I’d say in general, you expect that a macro will not evaluate its arguments at compile-time, because most macros don’t, they simply rewrite one piece of code into another or generate code from the provided code.

So if you have a macro that performs compile-time eval, as a macro user, that’s a little surprising, and the macro would need to document that.

I think that’s why it’s more rare. When you start mixing compile and runtime in ways that aren’t interchangeable, things can get messy.

So in my prior example, what if someone did:

(gen-constant-fn
  (fetch-name-from-prod-db "foobar")
  (compute-suffix-from-remote-api "car"))

With most macros, you’d expect that the code you gave the macro will be evaluated at runtime, and that the macro will simply expand this code into a longer form or a different form.
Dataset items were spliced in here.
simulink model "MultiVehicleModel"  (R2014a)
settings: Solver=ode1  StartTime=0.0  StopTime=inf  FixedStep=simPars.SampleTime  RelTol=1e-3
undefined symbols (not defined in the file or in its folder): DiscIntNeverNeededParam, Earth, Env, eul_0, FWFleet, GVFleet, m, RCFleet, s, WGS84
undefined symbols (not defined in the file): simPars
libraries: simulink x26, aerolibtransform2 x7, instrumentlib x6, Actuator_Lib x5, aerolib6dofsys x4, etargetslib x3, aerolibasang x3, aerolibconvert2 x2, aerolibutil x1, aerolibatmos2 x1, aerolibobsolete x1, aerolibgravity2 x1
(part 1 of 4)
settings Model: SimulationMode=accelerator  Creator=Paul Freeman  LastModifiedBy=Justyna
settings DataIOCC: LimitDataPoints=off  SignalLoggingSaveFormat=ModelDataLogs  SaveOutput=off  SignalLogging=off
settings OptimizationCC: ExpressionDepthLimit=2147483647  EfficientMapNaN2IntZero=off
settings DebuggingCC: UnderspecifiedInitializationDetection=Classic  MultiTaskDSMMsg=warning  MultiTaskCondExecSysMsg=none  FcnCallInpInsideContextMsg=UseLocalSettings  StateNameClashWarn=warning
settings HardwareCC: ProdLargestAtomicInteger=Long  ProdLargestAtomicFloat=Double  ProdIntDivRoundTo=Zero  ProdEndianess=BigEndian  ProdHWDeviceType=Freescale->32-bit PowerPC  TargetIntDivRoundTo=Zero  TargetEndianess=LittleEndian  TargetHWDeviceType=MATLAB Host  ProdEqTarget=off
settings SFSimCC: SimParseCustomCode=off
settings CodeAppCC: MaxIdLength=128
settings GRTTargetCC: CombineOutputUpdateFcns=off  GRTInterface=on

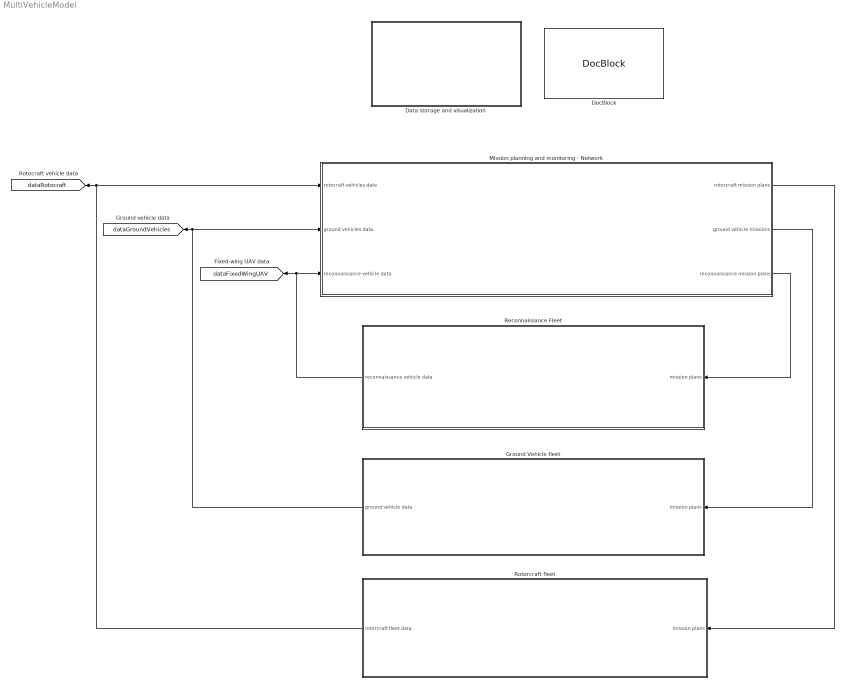
== system MultiVehicleModel ==
  Data storage and visualization : Subsystem
  DocBlock : simulink/Model-Wide Utilities/DocBlock  DocumentType=Text
      content=|
      | Type your documentation here
  Ground Vehicle fleet : Subsystem
  Mission planning and monitoring - Network : Subsystem  RequirementInfo={'other' 'specs1.mn' '@1.1.' 'true' 'specs' '' } %GIDa_c3d0c7d9_1841_4ce2_80a1_9c96a4f97ba6
  Reconnaissance Fleet : Subsystem
  Rotorcraft fleet : Subsystem
  tag scope: dataFixedWingUAV=global, dataGroundVehicles=global, dataRotocraft=global
  wires:
  Reconnaissance Fleet/1(reconnaissance vehicle data) -> [dataFixedWingUAV], Mission planning and monitoring - Network/3(reconnaissance vehicle data)
  Mission planning and monitoring - Network/3(reconnaissance mission plans) -> Reconnaissance Fleet/1(mission plans)
  Ground Vehicle fleet/1(ground vehicle data) -> [dataGroundVehicles], Mission planning and monitoring - Network/2(ground vehicles data)
  Rotorcraft fleet/1(rotorcraft fleet data) -> [dataRotocraft], Mission planning and monitoring - Network/1(rotocraft vehicles data)
  Mission planning and monitoring - Network/2(ground vehicle missions) -> Ground Vehicle fleet/1("mission plans ")
  Mission planning and monitoring - Network/1(rotorcraft mission plans) -> Rotorcraft fleet/1(mission plans)

== system MultiVehicleModel/Data storage and visualization ==
  To Workspace : ToWorkspace  VariableName=dataFixedWingUAV  SaveFormat=Structure With Time  SampleTime=-1
  To Workspace1 : ToWorkspace  VariableName=dataGroundVehicles  SaveFormat=Structure With Time  SampleTime=-1
  To Workspace2 : ToWorkspace  VariableName=dataRotorcraft  SaveFormat=Structure With Time  SampleTime=-1
  wires:
  [dataRotocraft] -> To Workspace2/1
  [dataGroundVehicles] -> To Workspace1/1
  [dataFixedWingUAV] -> To Workspace/1

== system MultiVehicleModel/Ground Vehicle fleet ==
  "mission plans " : Inport
  Bus Selector : BusSelector  OutputSignals=Ground vehicle fleet waypoints,Ground vehicle fleet functions
  Initial North-East-Down position : Constant  Value=GVFleet.IC.posNED(1:2,:)  VectorParams1D=off
  Model of ground vehicle fleet : Subsystem  TreatAsAtomicUnit=on  mask{AC=FWFleet.AC, Env=Env, SampleTime=simPars.SampleTime}
      mask prompts: AC "Aircraft properties"; Env "Environmental parameters"; SampleTime "Sample time (sec)"
  data inertial coordinates for debug. : ToWorkspace  VariableName=dataGVInertial  SaveFormat=Structure With Time  SampleTime=-1
  ground vehicle data : Outport
  wires:
  Model of ground vehicle fleet/1(output data) -> ground vehicle data/1
  Bus Selector/1 -> Model of ground vehicle fleet/1(air controller data)  "<Ground vehicle fleet waypoints>"
  Bus Selector/2 -> Model of ground vehicle fleet/2(AC fcn)  "<Ground vehicle fleet functions>"
  "mission plans "/1 -> Bus Selector/1
  Initial North-East-Down position/1 -> Model of ground vehicle fleet/3(Initial conditions)
  Model of ground vehicle fleet/2(output data inertial) -> data inertial coordinates for debug./1

== system MultiVehicleModel/Mission planning and monitoring - Network ==
  rotocraft vehicles data : Inport
  ground vehicles data : Inport  Port=2
  reconnaissance vehicle data : Inport  Port=3
  "Mission Plan Generation for fixed wing UAV fleet Runs on the server / cloud " : Subsystem
  Mission Plan Generation for ground vehicle fleet Runs on the server / cloud : Subsystem
  Mission Plan Generation for rotorcraft fleet Runs on the server / cloud : Subsystem
  rotorcraft mission plans : Outport
  ground vehicle missions : Outport  Port=2
  reconnaissance mission plans : Outport  Port=3
  wires:
  "Mission Plan Generation for fixed wing UAV fleet Runs on the server / cloud "/1(vehicle mission plans) -> reconnaissance mission plans/1  "vehicle mission plans"
  reconnaissance vehicle data/1 -> "Mission Plan Generation for fixed wing UAV fleet Runs on the server / cloud "/1(reconnaissance vehicle data)
  Mission Plan Generation for rotorcraft fleet Runs on the server / cloud/1(vehicle mission plans) -> rotorcraft mission plans/1
  ground vehicles data/1 -> Mission Plan Generation for ground vehicle fleet Runs on the server / cloud/1(ground vehicle data)
  rotocraft vehicles data/1 -> Mission Plan Generation for rotorcraft fleet Runs on the server / cloud/1(rotorcraft vehicle data)
  Mission Plan Generation for ground vehicle fleet Runs on the server / cloud/1(vehicle mission plans) -> ground vehicle missions/1

== system MultiVehicleModel/Reconnaissance Fleet ==
  mission plans : Inport
  Bus Selector : BusSelector  OutputSignals=Fixed-wing UAV fleet waypoints,Fixed-wing UAV fleet functions
  Initial North-East-Down position : Constant  Value=FWFleet.IC.posNED  VectorParams1D=off
  Initial heading : Constant  Value=FWFleet.IC.heading  VectorParams1D=off
  Matrix Concatenate : Concatenate  Mode=Multidimensional array
  UMN - Uninhabited Aerial Vehicle Fleet : Subsystem  TreatAsAtomicUnit=on  mask{AC=FWFleet.AC, Env=Env, SampleTime=simPars.SampleTime}
      mask prompts: AC "Aircraft properties"; Env "Environmental parameters"; SampleTime "Sample time (sec)"
  reconnaissance vehicle data : Outport
  wires:
  UMN - Uninhabited Aerial Vehicle Fleet/1(output data) -> reconnaissance vehicle data/1
  Bus Selector/1 -> UMN - Uninhabited Aerial Vehicle Fleet/1(mission plan)  "<Fixed-wing UAV fleet waypoints>"
  Bus Selector/2 -> UMN - Uninhabited Aerial Vehicle Fleet/2(Function)  "<Fixed-wing UAV fleet functions>"
  mission plans/1 -> Bus Selector/1
  Initial North-East-Down position/1 -> Matrix Concatenate/1
  Initial heading/1 -> Matrix Concatenate/2
  Matrix Concatenate/1 -> UMN - Uninhabited Aerial Vehicle Fleet/3(A/C initial conditions)

== system MultiVehicleModel/Rotorcraft fleet ==
  mission plans : Inport
  Bus Selector : BusSelector  OutputSignals="AR fleet waypoints,AR fleet heading and time,AR  fleet functions"
  Initial North-East-Down position : Constant  Value=RCFleet.IC.posNED  VectorParams1D=off
  Initial heading : Constant  Value=RCFleet.IC.heading  VectorParams1D=off
  Matrix Concatenate : Concatenate  Mode=Multidimensional array
  Multiple Rotorcraft : Subsystem  TreatAsAtomicUnit=on  mask{RCFleet=RCFleet}
      mask prompts: RCFleet "Rotorcraft fleet data structure"
  data inertial coordinates for debug. : ToWorkspace  VariableName=dataRotocraft2  SaveFormat=Structure With Time  SampleTime=-1
  rotorcraft fleet data : Outport
  wires:
  Multiple Rotorcraft/1(fleet states) -> rotorcraft fleet data/1
  Bus Selector/1 -> Multiple Rotorcraft/1(waypoints)  "<AR fleet waypoints>"
  Bus Selector/3 -> Multiple Rotorcraft/3(fleet functions)  "<AR  fleet functions>"
  mission plans/1 -> Bus Selector/1
  Multiple Rotorcraft/2(fleet inertial) -> data inertial coordinates for debug./1
  Bus Selector/2 -> Multiple Rotorcraft/2(heading and time references)  "<AR fleet heading and time>"
  Initial North-East-Down position/1 -> Matrix Concatenate/1
  Initial heading/1 -> Matrix Concatenate/2
  Matrix Concatenate/1 -> Multiple Rotorcraft/4(initial conditions)

== system MultiVehicleModel/Ground Vehicle fleet/Model of ground vehicle fleet ==
  air controller data : Inport  Partition=on  PartitionDimension=3  PartitionWidth=1
  AC fcn : Inport  Port=2  Partition=on  PartitionDimension=1  PartitionWidth=1
  Initial conditions : Inport  Port=3  Partition=on  PartitionDimension=2  PartitionWidth=1
  Bus Creator : BusCreator  Inputs=2
  Bus Selector1 : BusSelector  OutputSignals=Pned (m),psi (rad)
  Demux : Demux  Outputs=3
  Guidance algorithm : Subsystem
  Iteration over the UAV fleet : ForEach  DisableCoverage=on  IndexMode=One-based
  Mux1 : Mux
  Navigation : Subsystem  Description=|
      | This model produces the followng navigation data for the UAV flight:
      |                                                                     
      | * Geodetic Latitude                                                 
      | * Geodetic Longitude                                                
      | * Geodetic Altitude                                                 
      | * Altitude above Mean Sea Level                                     
      | * Gravitational acceleration vector
  Very simple car model : Subsystem
  data to send : Subsystem
  output data : Outport  ConcatenationDimension=1
  output data inertial : Outport  Port=2  ConcatenationDimension=1
  wires:
  air controller data/1 -> Guidance algorithm/2(waypoint data)
  AC fcn/1 -> Guidance algorithm/3(AC fcn)
  Very simple car model/1(position) -> Bus Creator/1, Navigation/1(X_e [m])  "Pned (m)"
  Very simple car model/2(heading (rad)) -> data to send/2(heading angle (rad)), Bus Creator/2  "psi (rad)"
  Bus Creator/1 -> Bus Selector1/1, Guidance algorithm/1(sensor data)
  Guidance algorithm/1(speed command (m/s)) -> Very simple car model/1(speed command (m/s))
  Guidance algorithm/2(heading command (rad)) -> Very simple car model/2(heading command (rad))
  Initial conditions/1 -> Very simple car model/3(initial inertial position X,Y (m))
  Mux1/1 -> output data inertial/1
  Bus Selector1/1 -> Demux/1  "<Pned (m)>"
  Bus Selector1/2 -> Mux1/4  "<psi (rad)>"
  Demux/3 -> Mux1/3
  Demux/2 -> Mux1/2
  Demux/1 -> Mux1/1
  Navigation/1(Nav) -> data to send/1(nav data)
  data to send/1(Data out) -> output data/1

== system MultiVehicleModel/Mission planning and monitoring - Network/Mission Plan Generation for fixed wing UAV fleet Runs on the server // cloud  ==
  reconnaissance vehicle data : Inport
  Bus Creator : BusCreator  Inputs=2
  Fixed wing vehicles' data to cloud : Subsystem
  Fleet Waypoint Reading from UDP : Subsystem
  vehicle mission plans : Outport
  wires:
  Bus Creator/1 -> vehicle mission plans/1
  Fleet Waypoint Reading from UDP/1(waypointsFleet) -> Bus Creator/1  "Fixed-wing UAV fleet waypoints"
  Fleet Waypoint Reading from UDP/2(fcnFleet) -> Bus Creator/2  "Fixed-wing UAV fleet functions"
  reconnaissance vehicle data/1 -> Fixed wing vehicles' data to cloud/1(UAV Fleet data)

== system MultiVehicleModel/Mission planning and monitoring - Network/Mission Plan Generation for ground vehicle fleet Runs on the server // cloud ==
  ground vehicle data : Inport
  Bus Creator : BusCreator  Inputs=2
  Fleet Waypoint Reading from UDP : Subsystem
  Ground vehicles' data to cloud : Subsystem
  vehicle mission plans : Outport
  wires:
  Bus Creator/1 -> vehicle mission plans/1
  Fleet Waypoint Reading from UDP/1(waypointsFleet) -> Bus Creator/1  "Ground vehicle fleet waypoints"
  Fleet Waypoint Reading from UDP/2(fcnFleet) -> Bus Creator/2  "Ground vehicle fleet functions"
  ground vehicle data/1 -> Ground vehicles' data to cloud/1(GV Fleet data)

== system MultiVehicleModel/Mission planning and monitoring - Network/Mission Plan Generation for rotorcraft fleet Runs on the server // cloud ==
  rotorcraft vehicle data : Inport
  Bus Creator : BusCreator  Inputs=3
  Fleet Waypoint Reading from UDP : Subsystem
  Rotorcraft vehicles' data to cloud : Subsystem
  vehicle mission plans : Outport
  wires:
  Bus Creator/1 -> vehicle mission plans/1
  Fleet Waypoint Reading from UDP/1(waypointsFleet) -> Bus Creator/1  "AR fleet waypoints"
  Fleet Waypoint Reading from UDP/3(fcnFleet) -> Bus Creator/3  "AR  fleet functions"
  rotorcraft vehicle data/1 -> Rotorcraft vehicles' data to cloud/1(UAV Fleet data)
  Fleet Waypoint Reading from UDP/2(Heading and Time) -> Bus Creator/2  "AR fleet heading and time"

== system MultiVehicleModel/Reconnaissance Fleet/UMN - Uninhabited Aerial Vehicle Fleet ==
  mission plan : Inport  Partition=on  PartitionDimension=3  PartitionWidth=1
  Function : Inport  Port=2  Partition=on  PartitionDimension=1  PartitionWidth=1
  A/C initial conditions : Inport  Port=3  Partition=on  PartitionDimension=2  PartitionWidth=1
  Actuators : Subsystem
  Control System : Subsystem  mask{control=AC.FC.control, IntegerTimeDelay=AC.FC.IntegerTimeDelay, TrimCondition=AC.TrimCondition, OperatingPoint=AC.OperatingPoint}
      mask prompts: control "Controller parameters"; IntegerTimeDelay "Integer Time Delay"; TrimCondition "Trim Condition"; OperatingPoint "Operating Point"
  Data packets to mission monitoring : Subsystem
  Guidance algorithm : Subsystem
  Iteration over the UAV fleet : ForEach  DisableCoverage=on  IndexMode=One-based
  Nonlinear UAV Model : Subsystem  mask{TrimCondition=AC.TrimCondition}
      mask prompts: TrimCondition "Trim Condition"
  Sensors : Subsystem
  output data : Outport  ConcatenationDimension=1
  wires:
  Sensors/1(Sensors) -> Guidance algorithm/1(sensor data), Control System/1(Sensors), Data packets to mission monitoring/1(" Vahicle data ")
  Nonlinear UAV Model/1(States) -> Sensors/1(States)
  Nonlinear UAV Model/2(EnvData) -> Sensors/2(EnvData)
  Control System/1(control_cmd) -> Actuators/1(cmds)
  Actuators/1(controls) -> Nonlinear UAV Model/1(Control Inputs)
  Guidance algorithm/1(ref_cmds) -> Control System/2(ref_cmds_in)
  mission plan/1 -> Guidance algorithm/2(waypoint data)
  A/C initial conditions/1 -> Nonlinear UAV Model/2(Initial conditions), [AC_IC]
  Function/1 -> Guidance algorithm/3(AC fcn)
  Data packets to mission monitoring/1(selected data out) -> output data/1
  [AC_IC] -> Guidance algorithm/4(initial inertial conditions)

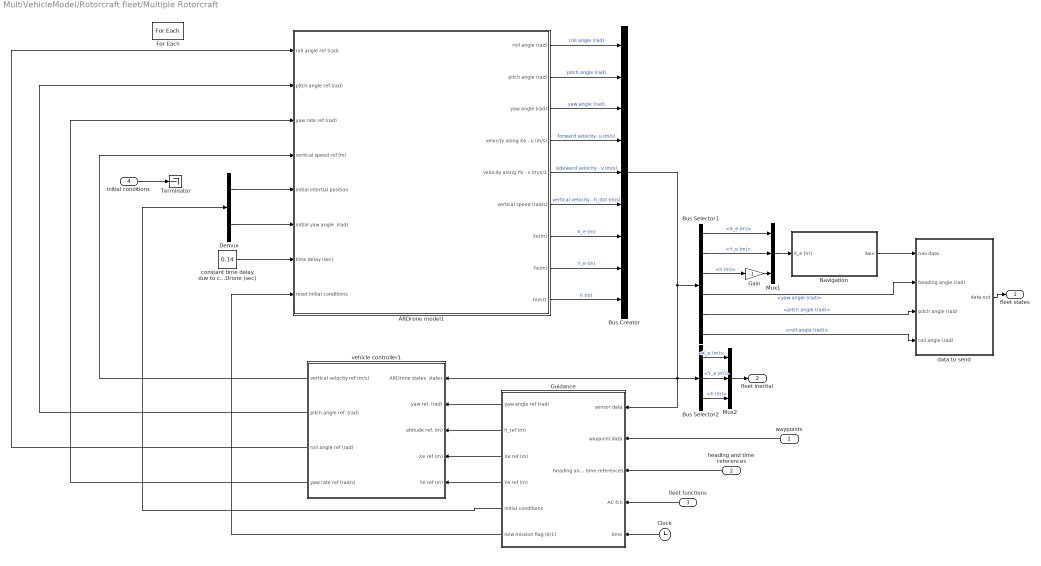
== system MultiVehicleModel/Rotorcraft fleet/Multiple Rotorcraft ==
  waypoints : Inport  Partition=on  PartitionDimension=3  PartitionWidth=1
  heading and time references : Inport  Port=2  Partition=on  PartitionDimension=3  PartitionWidth=1
  fleet functions : Inport  Port=3  Partition=on  PartitionDimension=1  PartitionWidth=1
  initial conditions : Inport  Port=4  Partition=on  PartitionDimension=2  PartitionWidth=1
  ARDrone model1 : Subsystem  mask{ARDrone=RCFleet.ARDrone}
      mask prompts: ARDrone "AR Drone parameters data structure"
  Bus Creator : BusCreator  Inputs=9
  Bus Selector1 : BusSelector  OutputSignals=X_e (m),Y_e (m),h (m),yaw angle (rad),pitch angle (rad),roll angle (rad)
  Bus Selector2 : BusSelector  OutputSignals=X_e (m),Y_e (m),h (m)
  Clock : Clock
  Demux : Demux  Outputs=[3 1]
  For Each : ForEach  DisableCoverage=on  IndexMode=One-based
  Gain : Gain  Gain=-1
  "Guidance " : Subsystem
  Mux1 : Mux  Inputs=3
  Mux2 : Mux  Inputs=3
  Navigation : Subsystem  Description=|
      | This model produces the followng navigation data for the UAV flight:
      |                                                                     
      | * Geodetic Latitude                                                 
      | * Geodetic Longitude                                                
      | * Geodetic Altitude                                                 
      | * Altitude above Mean Sea Level                                     
      | * Gravitational acceleration vector
  Terminator : Terminator
  constant time delay due to communications with ARDrone (sec) : Constant  Value=0.14
  data to send : Subsystem
  vehicle controller1 : Subsystem
  fleet states : Outport  ConcatenationDimension=1
  fleet inertial : Outport  Port=2  ConcatenationDimension=1
  wires:
  constant time delay due to communications with ARDrone (sec)/1 -> ARDrone model1/7(time delay (sec))
  Demux/2 -> ARDrone model1/6(initial yaw angle  (rad))
  ARDrone model1/1(roll angle (rad)) -> Bus Creator/1  "roll angle (rad)"
  ARDrone model1/2(pitch angle (rad)) -> Bus Creator/2  "pitch angle (rad)"
  ARDrone model1/3(yaw angle (rad)) -> Bus Creator/3  "yaw angle (rad)"
  ARDrone model1/4(velocity along Xb - u (m/s)) -> Bus Creator/4  "forward velocity- u (m/s)"
  ARDrone model1/5(velocity along Yb - v (m/s)1) -> Bus Creator/5  "sideward velocity - v (m/s)"
  ARDrone model1/6(vertical speed (rad/s)) -> Bus Creator/6  "vertical velocity - h_dot (m/s)"
  ARDrone model1/7(Xe(m)) -> Bus Creator/7  "X_e (m)"
  ARDrone model1/8(Ye(m)) -> Bus Creator/8  "Y_e (m)"
  ARDrone model1/9(h(m)1) -> Bus Creator/9  "h (m)"
  Bus Creator/1 -> "Guidance "/1(sensor data), Bus Selector2/1, vehicle controller1/1("ARDrone states  states "), Bus Selector1/1
  vehicle controller1/1(vertical velocity ref (m/s)) -> ARDrone model1/4(vertical speed ref (m))
  vehicle controller1/2(pitch angle ref. (rad)) -> ARDrone model1/2(pitch angle ref (rad))
  vehicle controller1/3(roll angle ref (rad)) -> ARDrone model1/1(roll angle ref (rad))
  vehicle controller1/4(yaw rate ref (rad/s)) -> ARDrone model1/3(yaw rate ref (rad))
  "Guidance "/3(Xe ref (m)) -> vehicle controller1/4(Xe ref (m))
  "Guidance "/4(Ye ref (m)) -> vehicle controller1/5(Ye ref (m))
  Clock/1 -> "Guidance "/5(time)
  "Guidance "/1(yaw angle ref (rad)) -> vehicle controller1/2(yaw ref. (rad))
  "Guidance "/2(h_ref (m)) -> vehicle controller1/3(altitude ref. (m))
  waypoints/1 -> "Guidance "/2(waypoint data)
  fleet functions/1 -> "Guidance "/4(AC fcn)
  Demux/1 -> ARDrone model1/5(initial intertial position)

Here if it ran at compile time it would fail, my desktop doesn’t have access to prod-db and remote-api, my build server also doesn’t.

So as a user, I need to understand, oh, either I provide a value to this macro, or I can provide computations, but they must be runnable at compile-time.

Some macros definitely do this, sometimes you need too, that’s the point, this is the behavior you want, but I’m just pointing out it’s all these kind of “gotchas” in that each macro can have very different set of what can or can’t be done and how will they do things and how do you compose that with other macros or functions?

I don’t think there’s a solution, but I have long wondered about something like you suggested, like what if the user could override eval ordering of the macro, like:

(some-macro (compile-eval (compute-name T)) (compile-eval (+ 1 2 3)))

Where compile-eval would be a special form to the compiler that says evaluate those before the macroexpansion.

Edit:

Well, actually there is a kind of way to do that in Clojure, but it’s not well documented, and while it’s survived many years, I hear it’s not something the core team is fund of, and they might one day remove or modify it in breaking ways, but there is a reader eval that allows you to evaluate things at read-time, which is before macroexpansion:

(concat-id #=(eval (compute-name t)) Suffix)

This would evaluate compute-name before concat-id, it’s considered bad practice, not sure why.

didibus · July 3, 2021, 6:20am

My example above actually does. You want a macro that generates a function of a particular name. The name should be provided by the user of the macro, but the user of the macro wants the name computed through some function, I don’t know, maybe the name is based on some XML config file for example.

system · January 1, 2022, 6:21pm

This topic was automatically closed 182 days after the last reply. New replies are no longer allowed.